Literacy and Health Outcomes, a report from the Agency for Healthcare Research and Quality, reviews the state of knowledge about the relationship between health literacy and health outcomes. Available online at http://www.ahrq.gov/clinic/epcsums/litsum.htm.

Healthy People 2010 Health Literacy Action Plan—Communicating Health: Priorities and Strategies for Progress (2003) describes specific steps to realize the objectives of improving health literacy and health communication in Healthy People 2010. Available online at http://odphp.osophs.dhhs.gov/projects/
healthcomm
.

The “Health Literacy” Web page of the Health Resources and Services Administration provides links to the Agency’s health literacy activities and to a variety of health literacy resources. Available online at http://www.hrsa.gov/quality/healthlit.htm.

“Improving Health Literacy,” a Web page provided by the National Institutes of Health, includes links to research on health literacy, advice on how healthcare providers can improve communication with patients, and a range of other resources. Available online at http://www.nih.gov/icd/od/ocpl/resources
improvinghealthliteracy.htm
.

“Understanding Health Literacy and Its Barriers,” part of the National Library of Medicine’s Current Bibliographies in Medicine, provides an extensive listing of health literacy materials. Available online at http://www.nlm.nih.gov/pubs/cbm/healthliteracybarriers.html.

Prevention: A Blueprint for Action was published in 2004 by the Office of Health Policy, Office of the Assistant Secretary for Planning and Evaluation, U.S. Department of Health and Human Services and is part of the Department’s Steps to a HealthierUS initiative. This report outlines simple steps that individuals and interested groups can take to promote healthy lifestyles and encourage healthy behavior. It includes a discussion of the importance of health literacy for prevention. Available online at http://aspe.hhs.gov/
health/blueprint/
.

The Food and Drug Administration provides Easy-To-Read Publications in both English and Spanish. Brochures address numerous topics, including volunteering for clinical trials, diet and heart disease, arthritis, food safety, weight loss, breast cancer, skin cancer, child health and safety, diabetes, and medical treatments. Available online at http://www.fda.gov/opacom/lowlit/7lowlit.html.

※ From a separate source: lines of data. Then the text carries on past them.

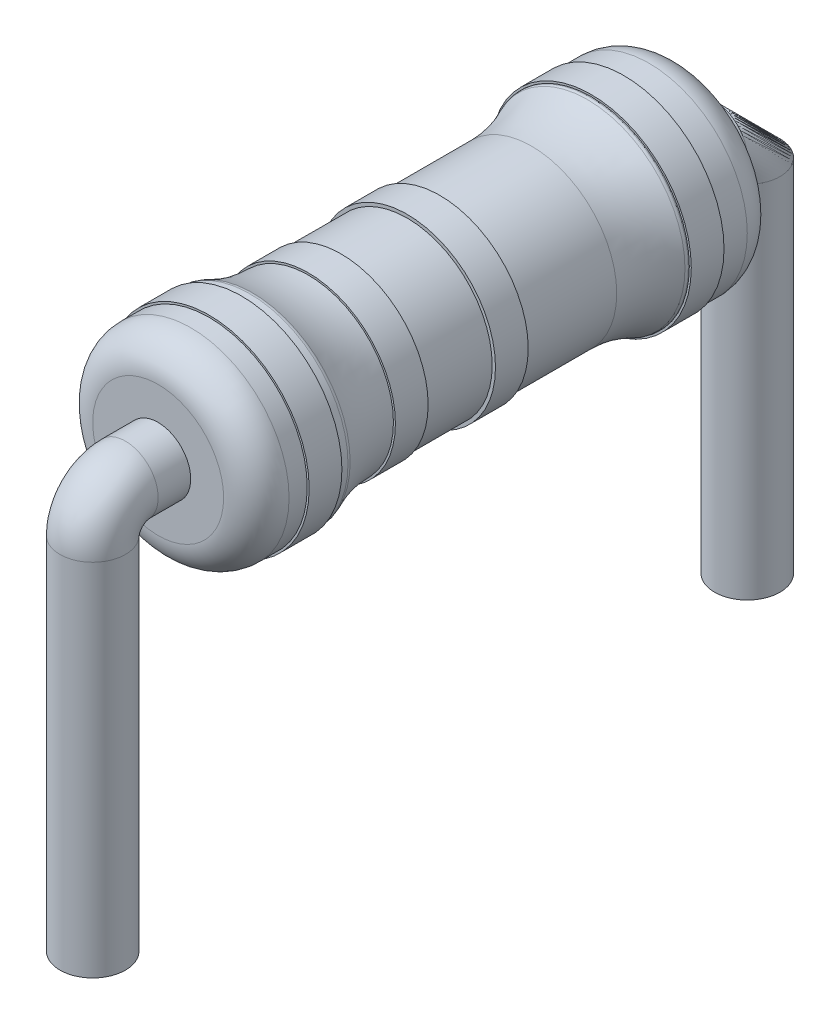
ISO-10303-21;
HEADER;
FILE_DESCRIPTION(('STEP AP214'),'2;1');
FILE_NAME('part.step','',(''),(''),'','','');
FILE_SCHEMA(('AUTOMOTIVE_DESIGN { 1 0 10303 214 1 1 1 1 }'));
ENDSEC;
DATA;
#1=APPLICATION_CONTEXT('core data for automotive mechanical design processes');
#2=APPLICATION_PROTOCOL_DEFINITION('international standard','automotive_design',2000,#1);
#3=PRODUCT_CONTEXT('',#1,'mechanical');
#4=PRODUCT('Part','Part','',(#3));
#5=PRODUCT_RELATED_PRODUCT_CATEGORY('part','',(#4));
#6=PRODUCT_DEFINITION_FORMATION('','',#4);
#7=PRODUCT_DEFINITION_CONTEXT('part definition',#1,'design');
#8=PRODUCT_DEFINITION('design','',#6,#7);
#9=PRODUCT_DEFINITION_SHAPE('','',#8);
#10=(LENGTH_UNIT() NAMED_UNIT(*) SI_UNIT(.MILLI.,.METRE.));
#11=(NAMED_UNIT(*) PLANE_ANGLE_UNIT() SI_UNIT($,.RADIAN.));
#12=(NAMED_UNIT(*) SI_UNIT($,.STERADIAN.) SOLID_ANGLE_UNIT());
#13=UNCERTAINTY_MEASURE_WITH_UNIT(LENGTH_MEASURE(1.E-05),#10,'distance_accuracy_value','');
#14=(GEOMETRIC_REPRESENTATION_CONTEXT(3) GLOBAL_UNCERTAINTY_ASSIGNED_CONTEXT((#13)) GLOBAL_UNIT_ASSIGNED_CONTEXT((#10,
#11,#12)) REPRESENTATION_CONTEXT('',''));
#15=CARTESIAN_POINT('',(0.,0.,0.));
#16=DIRECTION('',(0.,0.,1.));
#17=DIRECTION('',(1.,0.,0.));
#18=AXIS2_PLACEMENT_3D('',#15,#16,#17);
#19=CARTESIAN_POINT('',(0.,0.,-4.));
#20=DIRECTION('',(0.,0.,-1.));
#21=DIRECTION('',(-1.,0.,0.));
#22=AXIS2_PLACEMENT_3D('',#19,#20,#21);
#23=CYLINDRICAL_SURFACE('',#22,0.5);
#24=CARTESIAN_POINT('',(0.,0.,-4.));
#25=DIRECTION('',(0.,0.,-1.));
#26=DIRECTION('',(-1.,0.,0.));
#27=AXIS2_PLACEMENT_3D('',#24,#25,#26);
#28=CIRCLE('',#27,0.5);
#29=CARTESIAN_POINT('',(-0.5,0.,-4.));
#30=VERTEX_POINT('',#29);
#31=EDGE_CURVE('E52',#30,#30,#28,.T.);
#32=ORIENTED_EDGE('',*,*,#31,.T.);
#33=EDGE_LOOP('',(#32));
#34=FACE_BOUND('',#33,.T.);
#35=CARTESIAN_POINT('',(0.,0.,-4.5));
#36=DIRECTION('',(0.,0.,-1.));
#37=DIRECTION('',(-1.,0.,0.));
#38=AXIS2_PLACEMENT_3D('',#35,#36,#37);
#39=CIRCLE('',#38,0.5);
#40=CARTESIAN_POINT('',(0.,-0.5,-4.5));
#41=VERTEX_POINT('',#40);
#42=EDGE_CURVE('E12',#41,#41,#39,.T.);
#43=ORIENTED_EDGE('',*,*,#42,.F.);
#44=EDGE_LOOP('',(#43));
#45=FACE_BOUND('',#44,.T.);
#46=ADVANCED_FACE('F46',(#34,#45),#23,.T.);
#47=CARTESIAN_POINT('',(0.,-0.5,-4.5));
#48=DIRECTION('',(-1.,0.,0.));
#49=DIRECTION('',(0.,0.,1.));
#50=AXIS2_PLACEMENT_3D('',#47,#48,#49);
#51=DEGENERATE_TOROIDAL_SURFACE('',#50,0.5,0.5,.T.);
#52=CARTESIAN_POINT('',(0.,-0.5,-5.));
#53=DIRECTION('',(0.,-1.,0.));
#54=DIRECTION('',(-1.,0.,0.));
#55=AXIS2_PLACEMENT_3D('',#52,#53,#54);
#56=CIRCLE('',#55,0.5);
#57=EDGE_CURVE('E57',#41,#41,#56,.T.);
#58=ORIENTED_EDGE('',*,*,#57,.F.);
#59=ORIENTED_EDGE('',*,*,#42,.T.);
#60=EDGE_LOOP('',(#58,#59));
#61=FACE_BOUND('',#60,.T.);
#62=ADVANCED_FACE('F69',(#61),#51,.T.);
#63=CARTESIAN_POINT('',(0.,-0.5,-5.));
#64=DIRECTION('',(0.,-1.,0.));
#65=DIRECTION('',(0.,0.,-1.));
#66=AXIS2_PLACEMENT_3D('',#63,#64,#65);
#67=CYLINDRICAL_SURFACE('',#66,0.5);
#68=ORIENTED_EDGE('',*,*,#57,.T.);
#69=EDGE_LOOP('',(#68));
#70=FACE_BOUND('',#69,.T.);
#71=CARTESIAN_POINT('',(0.,-6.,-5.));
#72=DIRECTION('',(0.,-1.,0.));
#73=DIRECTION('',(-1.,0.,0.));
#74=AXIS2_PLACEMENT_3D('',#71,#72,#73);
#75=CIRCLE('',#74,0.5);
#76=CARTESIAN_POINT('',(-0.5,-6.,-5.));
#77=VERTEX_POINT('',#76);
#78=EDGE_CURVE('E49',#77,#77,#75,.T.);
#79=ORIENTED_EDGE('',*,*,#78,.F.);
#80=EDGE_LOOP('',(#79));
#81=FACE_BOUND('',#80,.T.);
#82=ADVANCED_FACE('F47',(#70,#81),#67,.T.);
#83=OPEN_SHELL('',(#46,#62,#82));
#84=SHELL_BASED_SURFACE_MODEL('B2',(#83));
#85=CARTESIAN_POINT('',(0.,0.,4.00287776352005));
#86=DIRECTION('',(0.,0.,1.));
#87=DIRECTION('',(1.,0.,0.));
#88=AXIS2_PLACEMENT_3D('',#85,#86,#87);
#89=CYLINDRICAL_SURFACE('',#88,0.5);
#90=CARTESIAN_POINT('',(0.,0.,4.00287776352005));
#91=DIRECTION('',(0.,0.,1.));
#92=DIRECTION('',(1.,0.,0.));
#93=AXIS2_PLACEMENT_3D('',#90,#91,#92);
#94=CIRCLE('',#93,0.5);
#95=CARTESIAN_POINT('',(0.5,0.,4.00287776352005));
#96=VERTEX_POINT('',#95);
#97=EDGE_CURVE('E114',#96,#96,#94,.T.);
#98=ORIENTED_EDGE('',*,*,#97,.T.);
#99=EDGE_LOOP('',(#98));
#100=FACE_BOUND('',#99,.T.);
#101=CARTESIAN_POINT('',(0.,0.,4.5));
#102=DIRECTION('',(0.,0.,1.));
#103=DIRECTION('',(1.,0.,0.));
#104=AXIS2_PLACEMENT_3D('',#101,#102,#103);
#105=CIRCLE('',#104,0.5);
#106=CARTESIAN_POINT('',(0.,-0.5,4.5));
#107=VERTEX_POINT('',#106);
#108=EDGE_CURVE('E44',#107,#107,#105,.T.);
#109=ORIENTED_EDGE('',*,*,#108,.F.);
#110=EDGE_LOOP('',(#109));
#111=FACE_BOUND('',#110,.T.);
#112=ADVANCED_FACE('F107',(#100,#111),#89,.T.);
#113=CARTESIAN_POINT('',(0.,-0.5,4.));
#114=DIRECTION('',(0.,-1.,0.));
#115=DIRECTION('',(0.,0.,-1.));
#116=AXIS2_PLACEMENT_3D('',#113,#114,#115);
#117=CIRCLE('',#116,0.5);
#118=TRIMMED_CURVE('',#117,(PARAMETER_VALUE(-3.14159263251637)),
(PARAMETER_VALUE(3.14159263251637)),.T.,.PARAMETER.);
#119=CARTESIAN_POINT('',(0.,-0.5,4.5));
#120=DIRECTION('',(1.,0.,0.));
#121=AXIS1_PLACEMENT('',#119,#120);
#122=SURFACE_OF_REVOLUTION('',#118,#121);
#123=CARTESIAN_POINT('',(0.,-0.500000000000004,5.));
#124=DIRECTION('',(0.,-1.,0.));
#125=DIRECTION('',(1.,0.,0.));
#126=AXIS2_PLACEMENT_3D('',#123,#124,#125);
#127=CIRCLE('',#126,0.5);
#128=EDGE_CURVE('E119',#107,#107,#127,.T.);
#129=ORIENTED_EDGE('',*,*,#128,.F.);
#130=ORIENTED_EDGE('',*,*,#108,.T.);
#131=EDGE_LOOP('',(#129,#130));
#132=FACE_BOUND('',#131,.T.);
#133=ADVANCED_FACE('F108',(#132),#122,.T.);
#134=CARTESIAN_POINT('',(0.,-0.500000000000004,5.));
#135=DIRECTION('',(0.,-1.,0.));
#136=DIRECTION('',(0.,0.,-1.));
#137=AXIS2_PLACEMENT_3D('',#134,#135,#136);
#138=CYLINDRICAL_SURFACE('',#137,0.5);
#139=ORIENTED_EDGE('',*,*,#128,.T.);
#140=EDGE_LOOP('',(#139));
#141=FACE_BOUND('',#140,.T.);
#142=CARTESIAN_POINT('',(0.,-6.,5.));
#143=DIRECTION('',(0.,-1.,0.));
#144=DIRECTION('',(1.,0.,0.));
#145=AXIS2_PLACEMENT_3D('',#142,#143,#144);
#146=CIRCLE('',#145,0.5);
#147=CARTESIAN_POINT('',(0.5,-6.,5.));
#148=VERTEX_POINT('',#147);
#149=EDGE_CURVE('E111',#148,#148,#146,.T.);
#150=ORIENTED_EDGE('',*,*,#149,.F.);
#151=EDGE_LOOP('',(#150));
#152=FACE_BOUND('',#151,.T.);
#153=ADVANCED_FACE('F109',(#141,#152),#138,.T.);
#154=OPEN_SHELL('',(#112,#133,#153));
#155=SHELL_BASED_SURFACE_MODEL('B6',(#154));
#156=CARTESIAN_POINT('',(0.,0.,30.9468802698145));
#157=DIRECTION('',(0.,0.,1.));
#158=DIRECTION('',(1.,0.,0.));
#159=AXIS2_PLACEMENT_3D('',#156,#157,#158);
#160=CYLINDRICAL_SURFACE('',#159,1.5);
#161=CARTESIAN_POINT('',(0.,0.,-2.6));
#162=DIRECTION('',(0.,0.,1.));
#163=DIRECTION('',(1.,0.,0.));
#164=AXIS2_PLACEMENT_3D('',#161,#162,#163);
#165=CIRCLE('',#164,1.5);
#166=CARTESIAN_POINT('',(1.5,0.,-2.6));
#167=VERTEX_POINT('',#166);
#168=EDGE_CURVE('E208',#167,#167,#165,.T.);
#169=ORIENTED_EDGE('',*,*,#168,.F.);
#170=EDGE_LOOP('',(#169));
#171=FACE_BOUND('',#170,.T.);
#172=CARTESIAN_POINT('',(0.,0.,-2.61454960934726));
#173=DIRECTION('',(0.,0.,-1.));
#174=DIRECTION('',(-1.,0.,0.));
#175=AXIS2_PLACEMENT_3D('',#172,#173,#174);
#176=CIRCLE('',#175,1.5);
#177=CARTESIAN_POINT('',(-1.5,0.,-2.61454960934726));
#178=VERTEX_POINT('',#177);
#179=EDGE_CURVE('E106',#178,#178,#176,.T.);
#180=ORIENTED_EDGE('',*,*,#179,.F.);
#181=EDGE_LOOP('',(#180));
#182=FACE_BOUND('',#181,.T.);
#183=ADVANCED_FACE('F161',(#171,#182),#160,.T.);
#184=CARTESIAN_POINT('',(0.,0.,30.9468802698145));
#185=DIRECTION('',(0.,0.,1.));
#186=DIRECTION('',(1.,0.,0.));
#187=AXIS2_PLACEMENT_3D('',#184,#185,#186);
#188=CYLINDRICAL_SURFACE('',#187,1.5);
#189=CARTESIAN_POINT('',(0.,0.,2.6));
#190=DIRECTION('',(0.,0.,1.));
#191=DIRECTION('',(1.,0.,0.));
#192=AXIS2_PLACEMENT_3D('',#189,#190,#191);
#193=CIRCLE('',#192,1.5);
#194=CARTESIAN_POINT('',(1.5,0.,2.6));
#195=VERTEX_POINT('',#194);
#196=EDGE_CURVE('E211',#195,#195,#193,.T.);
#197=ORIENTED_EDGE('',*,*,#196,.T.);
#198=EDGE_LOOP('',(#197));
#199=FACE_BOUND('',#198,.T.);
#200=CARTESIAN_POINT('',(0.,0.,2.7227576675328));
#201=DIRECTION('',(0.,0.,1.));
#202=DIRECTION('',(1.,0.,0.));
#203=AXIS2_PLACEMENT_3D('',#200,#201,#202);
#204=CIRCLE('',#203,1.5);
#205=CARTESIAN_POINT('',(1.5,0.,2.7227576675328));
#206=VERTEX_POINT('',#205);
#207=EDGE_CURVE('E176',#206,#206,#204,.T.);
#208=ORIENTED_EDGE('',*,*,#207,.F.);
#209=EDGE_LOOP('',(#208));
#210=FACE_BOUND('',#209,.T.);
#211=ADVANCED_FACE('F263',(#199,#210),#188,.T.);
#212=CARTESIAN_POINT('',(0.,0.,30.9468802698145));
#213=DIRECTION('',(0.,0.,1.));
#214=DIRECTION('',(1.,0.,0.));
#215=AXIS2_PLACEMENT_3D('',#212,#213,#214);
#216=CYLINDRICAL_SURFACE('',#215,1.3);
#217=CARTESIAN_POINT('',(0.,0.,1.20557280899656));
#218=DIRECTION('',(0.,0.,1.));
#219=DIRECTION('',(1.,0.,0.));
#220=AXIS2_PLACEMENT_3D('',#217,#218,#219);
#221=CIRCLE('',#220,1.3);
#222=CARTESIAN_POINT('',(1.3,0.,1.20557280899656));
#223=VERTEX_POINT('',#222);
#224=EDGE_CURVE('E187',#223,#223,#221,.T.);
#225=ORIENTED_EDGE('',*,*,#224,.F.);
#226=EDGE_LOOP('',(#225));
#227=FACE_BOUND('',#226,.T.);
#228=CARTESIAN_POINT('',(0.,0.,0.196800451709014));
#229=DIRECTION('',(0.,0.,-1.));
#230=DIRECTION('',(-1.,0.,0.));
#231=AXIS2_PLACEMENT_3D('',#228,#229,#230);
#232=CIRCLE('',#231,1.3);
#233=CARTESIAN_POINT('',(-1.3,0.,0.196800451709014));
#234=VERTEX_POINT('',#233);
#235=EDGE_CURVE('E181',#234,#234,#232,.T.);
#236=ORIENTED_EDGE('',*,*,#235,.F.);
#237=EDGE_LOOP('',(#236));
#238=FACE_BOUND('',#237,.T.);
#239=ADVANCED_FACE('F270',(#227,#238),#216,.T.);
#240=CARTESIAN_POINT('',(0.,1.3,1.70557280899656));
#241=DIRECTION('',(0.,0.,-1.));
#242=DIRECTION('',(-1.,0.,0.));
#243=AXIS2_PLACEMENT_3D('',#240,#241,#242);
#244=PLANE('',#243);
#245=CARTESIAN_POINT('',(0.,0.,1.70557280899656));
#246=DIRECTION('',(0.,0.,1.));
#247=DIRECTION('',(1.,0.,0.));
#248=AXIS2_PLACEMENT_3D('',#245,#246,#247);
#249=CIRCLE('',#248,1.3);
#250=CARTESIAN_POINT('',(1.3,0.,1.70557280899656));
#251=VERTEX_POINT('',#250);
#252=EDGE_CURVE('E193',#251,#251,#249,.F.);
#253=ORIENTED_EDGE('',*,*,#252,.T.);
#254=EDGE_LOOP('',(#253));
#255=FACE_BOUND('',#254,.T.);
#256=CARTESIAN_POINT('',(0.,0.,1.70557280899656));
#257=DIRECTION('',(0.,0.,1.));
#258=DIRECTION('',(1.,0.,0.));
#259=AXIS2_PLACEMENT_3D('',#256,#257,#258);
#260=CIRCLE('',#259,1.32999160819457);
#261=CARTESIAN_POINT('',(1.32999160819457,0.,1.70557280899656));
#262=VERTEX_POINT('',#261);
#263=EDGE_CURVE('E220',#262,#262,#260,.T.);
#264=ORIENTED_EDGE('',*,*,#263,.T.);
#265=EDGE_LOOP('',(#264));
#266=FACE_BOUND('',#265,.T.);
#267=ADVANCED_FACE('F348',(#255,#266),#244,.F.);
#268=CARTESIAN_POINT('',(0.,0.,2.18472406688181));
#269=DIRECTION('',(0.,0.,1.));
#270=DIRECTION('',(1.,0.,0.));
#271=AXIS2_PLACEMENT_3D('',#268,#269,#270);
#272=CYLINDRICAL_SURFACE('',#271,1.32999160819457);
#273=ORIENTED_EDGE('',*,*,#263,.F.);
#274=EDGE_LOOP('',(#273));
#275=FACE_BOUND('',#274,.T.);
#276=CARTESIAN_POINT('',(0.,0.,1.20557280899656));
#277=DIRECTION('',(0.,0.,1.));
#278=DIRECTION('',(1.,0.,0.));
#279=AXIS2_PLACEMENT_3D('',#276,#277,#278);
#280=CIRCLE('',#279,1.32999160819457);
#281=CARTESIAN_POINT('',(1.32999160819457,0.,1.20557280899656));
#282=VERTEX_POINT('',#281);
#283=EDGE_CURVE('E223',#282,#282,#280,.T.);
#284=ORIENTED_EDGE('',*,*,#283,.T.);
#285=EDGE_LOOP('',(#284));
#286=FACE_BOUND('',#285,.T.);
#287=ADVANCED_FACE('F344',(#275,#286),#272,.T.);
#288=CARTESIAN_POINT('',(0.,1.3,1.20557280899656));
#289=DIRECTION('',(0.,0.,1.));
#290=DIRECTION('',(1.,0.,0.));
#291=AXIS2_PLACEMENT_3D('',#288,#289,#290);
#292=PLANE('',#291);
#293=ORIENTED_EDGE('',*,*,#283,.F.);
#294=EDGE_LOOP('',(#293));
#295=FACE_BOUND('',#294,.T.);
#296=ORIENTED_EDGE('',*,*,#224,.T.);
#297=EDGE_LOOP('',(#296));
#298=FACE_BOUND('',#297,.T.);
#299=ADVANCED_FACE('F305',(#295,#298),#292,.F.);
#300=CARTESIAN_POINT('',(0.,0.,2.6));
#301=DIRECTION('',(0.,0.,1.));
#302=DIRECTION('',(1.,0.,0.));
#303=AXIS2_PLACEMENT_3D('',#300,#301,#302);
#304=TOROIDAL_SURFACE('',#303,1.4,0.0999999999999999);
#305=CARTESIAN_POINT('',(0.,0.,2.55740822899985));
#306=DIRECTION('',(0.,0.,1.));
#307=DIRECTION('',(1.,0.,0.));
#308=AXIS2_PLACEMENT_3D('',#305,#306,#307);
#309=CIRCLE('',#308,1.49047619047612);
#310=CARTESIAN_POINT('',(1.49047619047612,0.,2.55740822899985));
#311=VERTEX_POINT('',#310);
#312=EDGE_CURVE('E199',#311,#311,#309,.T.);
#313=ORIENTED_EDGE('',*,*,#312,.T.);
#314=EDGE_LOOP('',(#313));
#315=FACE_BOUND('',#314,.T.);
#316=ORIENTED_EDGE('',*,*,#196,.F.);
#317=EDGE_LOOP('',(#316));
#318=FACE_BOUND('',#317,.T.);
#319=ADVANCED_FACE('F296',(#315,#318),#304,.T.);
#320=CARTESIAN_POINT('',(0.,0.,1.70557280899656));
#321=DIRECTION('',(0.,0.,1.));
#322=DIRECTION('',(1.,0.,0.));
#323=AXIS2_PLACEMENT_3D('',#320,#321,#322);
#324=TOROIDAL_SURFACE('',#323,3.29999999999925,2.);
#325=ORIENTED_EDGE('',*,*,#252,.F.);
#326=EDGE_LOOP('',(#325));
#327=FACE_BOUND('',#326,.T.);
#328=ORIENTED_EDGE('',*,*,#312,.F.);
#329=EDGE_LOOP('',(#328));
#330=FACE_BOUND('',#329,.T.);
#331=ADVANCED_FACE('F293',(#327,#330),#324,.F.);
#332=CARTESIAN_POINT('',(0.,1.35,0.196800451709014));
#333=DIRECTION('',(0.,0.,-1.));
#334=DIRECTION('',(-1.,0.,0.));
#335=AXIS2_PLACEMENT_3D('',#332,#333,#334);
#336=PLANE('',#335);
#337=ORIENTED_EDGE('',*,*,#235,.T.);
#338=EDGE_LOOP('',(#337));
#339=FACE_BOUND('',#338,.T.);
#340=CARTESIAN_POINT('',(0.,0.,0.196800451709014));
#341=DIRECTION('',(0.,0.,1.));
#342=DIRECTION('',(1.,0.,0.));
#343=AXIS2_PLACEMENT_3D('',#340,#341,#342);
#344=CIRCLE('',#343,1.35);
#345=CARTESIAN_POINT('',(1.35,0.,0.196800451709014));
#346=VERTEX_POINT('',#345);
#347=EDGE_CURVE('E229',#346,#346,#344,.T.);
#348=ORIENTED_EDGE('',*,*,#347,.T.);
#349=EDGE_LOOP('',(#348));
#350=FACE_BOUND('',#349,.T.);
#351=ADVANCED_FACE('F295',(#339,#350),#336,.F.);
#352=CARTESIAN_POINT('',(0.,1.35,-0.303199548290986));
#353=DIRECTION('',(0.,0.,1.));
#354=DIRECTION('',(1.,0.,0.));
#355=AXIS2_PLACEMENT_3D('',#352,#353,#354);
#356=PLANE('',#355);
#357=CARTESIAN_POINT('',(0.,0.,-0.303199548290986));
#358=DIRECTION('',(0.,0.,1.));
#359=DIRECTION('',(1.,0.,0.));
#360=AXIS2_PLACEMENT_3D('',#357,#358,#359);
#361=CIRCLE('',#360,1.35);
#362=CARTESIAN_POINT('',(1.35,0.,-0.303199548290986));
#363=VERTEX_POINT('',#362);
#364=EDGE_CURVE('E226',#363,#363,#361,.T.);
#365=ORIENTED_EDGE('',*,*,#364,.F.);
#366=EDGE_LOOP('',(#365));
#367=FACE_BOUND('',#366,.T.);
#368=CARTESIAN_POINT('',(0.,0.,-0.303199548290986));
#369=DIRECTION('',(0.,0.,1.));
#370=DIRECTION('',(1.,0.,0.));
#371=AXIS2_PLACEMENT_3D('',#368,#369,#370);
#372=CIRCLE('',#371,1.3);
#373=CARTESIAN_POINT('',(1.3,0.,-0.303199548290986));
#374=VERTEX_POINT('',#373);
#375=EDGE_CURVE('E184',#374,#374,#372,.T.);
#376=ORIENTED_EDGE('',*,*,#375,.T.);
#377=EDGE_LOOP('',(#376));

The Health & Literacy Special Collection of the National Institute for Literacy provides selected health materials for use with persons of limited literacy. Available online at http://www.worlded.org/us/health/lincs/.

Health Literacy, part of the online Consumer Health manual prepared by the National Network of Libraries of Medicine, provides a list of health literacy organizations and programs, bibliographies, Web sites, and health literacy listservs. Available online at http://nnlm.gov/scr/conhlth/hlthlit.htm#Health%20Literacy.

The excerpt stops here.